Depois eras prostituta e  ex "rainha da noite transgender", tinhas HIV e hepatite C, foras afinal uma mulher bonita, um sorriso rasgado nos vestidos de star e na cabeleira longa, loira, ruiva, morena. Vieram as fotografias, devagar, só nas revistas e nos jornais, poucas, muito poucas. Nunca na TV. Lia-se um jornal e eras homem, lia-se o mesmo jornal e eras mulher. Gisberto, Gisberta. Ouvia-se um responsável de uma das instituições onde viviam os rapazes que te espancaram e eras "não propriamente um exemplo". Talvez mesmo um agressor, talvez mesmo um perigo, se não real pelo menos representado, de "pedofilia", contra o qual os miúdos -- sabíamos agora que adolescentes entre os 11 e os 16 -- "tinham decidido fazer justiça pelas próprias mãos".
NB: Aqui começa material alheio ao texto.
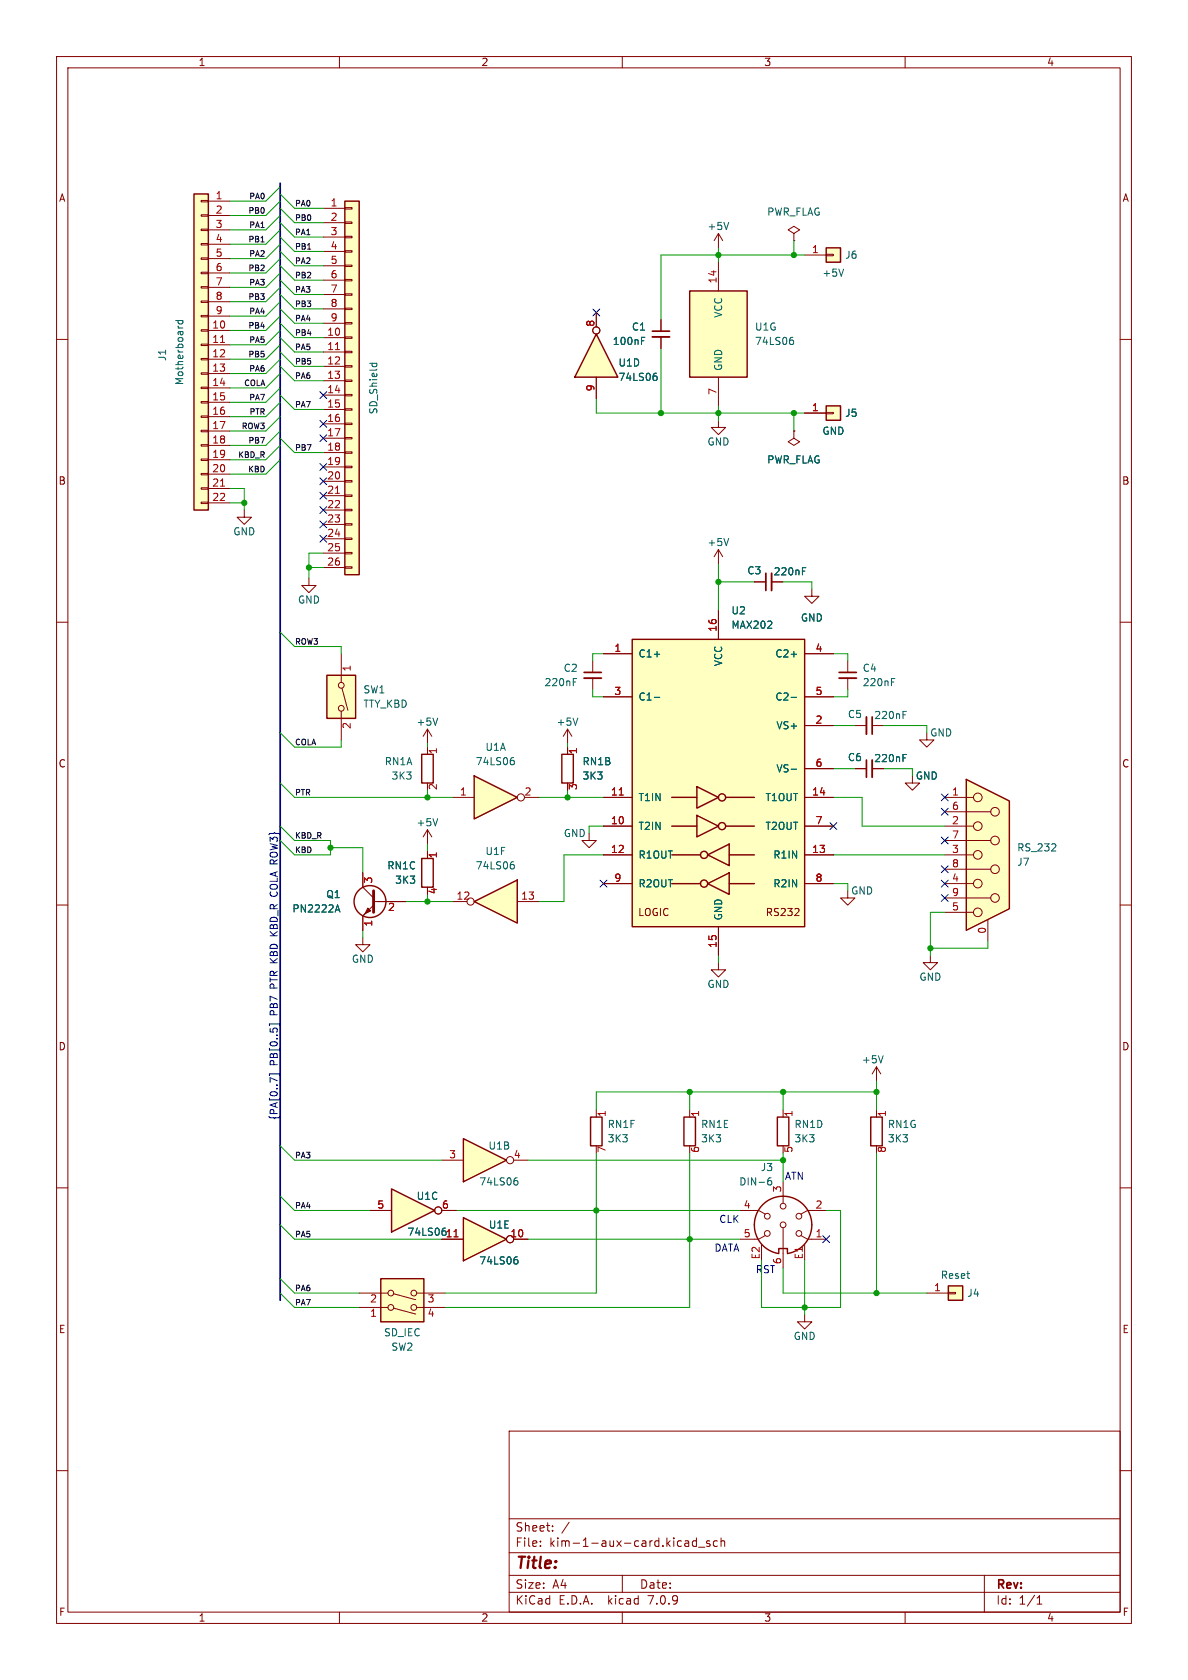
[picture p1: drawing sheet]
<svg xmlns="http://www.w3.org/2000/svg" width="210mm" height="297mm" viewBox="0 0 210 297" stroke-linecap="round" stroke-linejoin="round" font-family="sans-serif">
<g fill="none" stroke="#840000" stroke-width=".18">
<path d="M10 10h190v277h-190zM12 12h186v273h-186zM60 10v2M110 10v2M160 10v2M10 60h2M198 60h2M140.3 76.2v1.3l-1 .6 1 .6 1.1-.6-1.1-.6M140.3 76.2h.1M10 110h2M198 110h2M75.6 128.9l.7 1.3"/>
<path d="M75.6 128.9v2.5M75.6 128.9l-.8 1.3M10 160h2M198 160h2M10 210h2M198 210h2M10 260h2M90 253h108v32h-108zM198 260h2M90 278.5h108M90 274.5h108M90 268.5h108"/>
<path d="M95.5 273.2v.2M95.5 272.5v.1M97.7 270.5v.2M97.7 269.8v.1M100.6 269.1l-1.3 1.9M110 278.5v3M121.3 272.4l.4 .1 .1 .9M121.8 273.3l-.5 .1M121.8 272.7l-.5 .1M123.1 272.5l-.4-.1-.3 .3v.4l.1 .2h.6M123.1 271.9v1.5M123.5 273.5h1.1"/>
<path d="M125.5 272.5l-.4-.1-.2 .2 .1 .2 .5 .2v.3h-.6M126.8 272.5l-.4-.1-.3 .3v.4l.1 .2h.6M127.5 272.5l.2-.1 .3 .1 .1 .9M127.5 271.9v1.5M174 278.5v6.5M60 285v2M90 281.5h108M110 285v2M160 285v2M183.3 283.6h.9M183.3 282.5l.5-.4v1.5"/>
</g>
<path d="M77.4 126.9l-.4 1.3" fill="none" stroke="#006464" stroke-width=".18"/>
<path d="M81.9 201.3l7.6 3.8-7.6 3.8z" fill="#ffffc2"/>
<path d="M153.9 197.5h2.1v5.1h-2.1zM81.9 201.3l7.6 3.8-7.6 3.8z" fill="none" stroke="#840000" stroke-width=".25"/>
<g fill="none" stroke="#840000" stroke-width=".18">
<path d="M154.9 188.6l.8 1.3M154.9 188.6v2.5M154.9 196.2v1.3M154.9 188.6l-.7 1.3M78.1 205.1h3.8M90.8 205.1h2.5M154.9 202.6v1.2M142.2 232.4v1.3h-1.2l1.2 1.2 1.3-1.2h-1.3"/>
<circle cx="90.2" cy="205.1" r=".63"/>
</g>
<path d="M156.1 186.6l-.4 1.3M91.1 208.7l.3 .1 .2 .2-.1 .4-.4 .1M91.2 208.2h.2" fill="none" stroke="#006464" stroke-width=".18"/>
<path d="M81.9 215.3l7.6 3.8-7.6 3.8z" fill="#ffffc2"/>
<path d="M121.9 51.4h10.2v15.3h-10.2zM146 43.8h2.6v2.6h-2.6zM146 71.8h2.6v2.5h-2.6zM99.3 133.4h2v5h-2zM104.4 197.5h2v5.1h-2zM120.9 197.5h2v5.1h-2zM81.9 215.3l7.6 3.8-7.6 3.8zM67.3 226.1h7.6v7.6h-7.6zM167.6 227.3h2.6v2.6h-2.6z" fill="none" stroke="#840000" stroke-width=".25"/>
<g fill="none" stroke="#840000" stroke-width=".18">
<path d="M116.8 56.5v2M116.8 59.6v2M127 41.3l-.8 1.2M127 41.3v2.5M127 46.4v5M127 41.3l.8 1.2M140.3 41.3l-1-.7 1-.6 1.1 .6-1.1 .7v1.2M140.3 42.5h.1M142.2 45.1h3.8M146 45h1.3v.2h-1.3zM127 74.3v1.3h1.3l-1.3 1.2-1.3-1.2h1.3M127 66.7v5.1"/>
<path d="M142.2 73h3.8M146 72.9h1.3v.3h-1.3zM43.2 90.2v1.2h1.2l-1.2 1.3-1.3-1.3h1.3M54.6 102.2v1.3h-1.3l1.3 1.3 1.3-1.3h-1.3M149.9 116.8v2.1M149.9 119.9v2M100.3 132.1v1.3M100.3 138.4v1.3M151.1 135.9h2.1M151.1 128.3h2.1M154.2 135.9h2M154.2 128.3h2"/>
<path d="M149.9 157.5v1.3h1.2l-1.2 1.2-1.3-1.2h1.3M127 170.2v1.3h-1.3l1.3 1.2 1.3-1.2h-1.3M164.5 168.9v1.3h-1.3l1.3 1.3 1.2-1.3h-1.2M105.4 196.2v1.3M121.9 196.2v1.3M78.1 219.1h3.8M90.8 219.1h2.5M105.4 202.6v1.2M121.9 202.6v1.2M63.5 228.6h5.1M63.5 231.1h5.1M69.6 228.7l3.9 1.1"/>
<path d="M69.6 231.3l3.9 1M73.7 228.6h5M73.7 231.1h5M163.8 228.6h3.8M167.6 228.5h1.3v.2h-1.3z"/>
<circle cx="90.2" cy="219.1" r=".63"/>
<circle cx="69.1" cy="231.1" r=".51"/>
<circle cx="69.1" cy="228.6" r=".51"/>
<circle cx="73.2" cy="231.1" r=".51"/>
<circle cx="73.2" cy="228.6" r=".51"/>
</g>
<path d="M80.3 218.7h.7" fill="none" stroke="#a90000" stroke-width=".18"/>
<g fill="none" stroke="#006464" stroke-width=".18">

Veio a autópsia e a descrição das queimaduras, dos indícios de violação anal com pedaços de madeira, do teu estado de sida terminal (tinhas fugido de um centro de tratamento onde a Abraço te tinha internado), do facto de teres morrido afogada e "não em consequência das agressões" que te foram inflingidas. 

Trato-te no feminino, Gisberta, porque foi mulher que escolheste ser e foi, parece que terá ficado mais ou menos provado no julgamento à porta fechada dos miúdos, por teres querido ser mulher tendo nascido homem, por seres "um homem com mamas", que foste objecto da curiosidade e depois da violência do bando. E trato-te por querida, Gi, porque me apetece. Desde o início, quando te imaginei só e derrubada, dias e noites de dor e medo e incredulidade à espera que eles parassem com aquilo, à espera que um deles chamasse ajuda, à espera que te vissem - que te vissem -  e percebessem que não podias acabar assim, aos pontapés de meninos de rua de um país estrangeiro, tu que tinhas vindo de São Paulo para a Europa para cumprir os teus sonhos, tu que tinhas vivido em Paris e encantado plateias e arrebatado corações, tu que eras tu, única e irrepetível.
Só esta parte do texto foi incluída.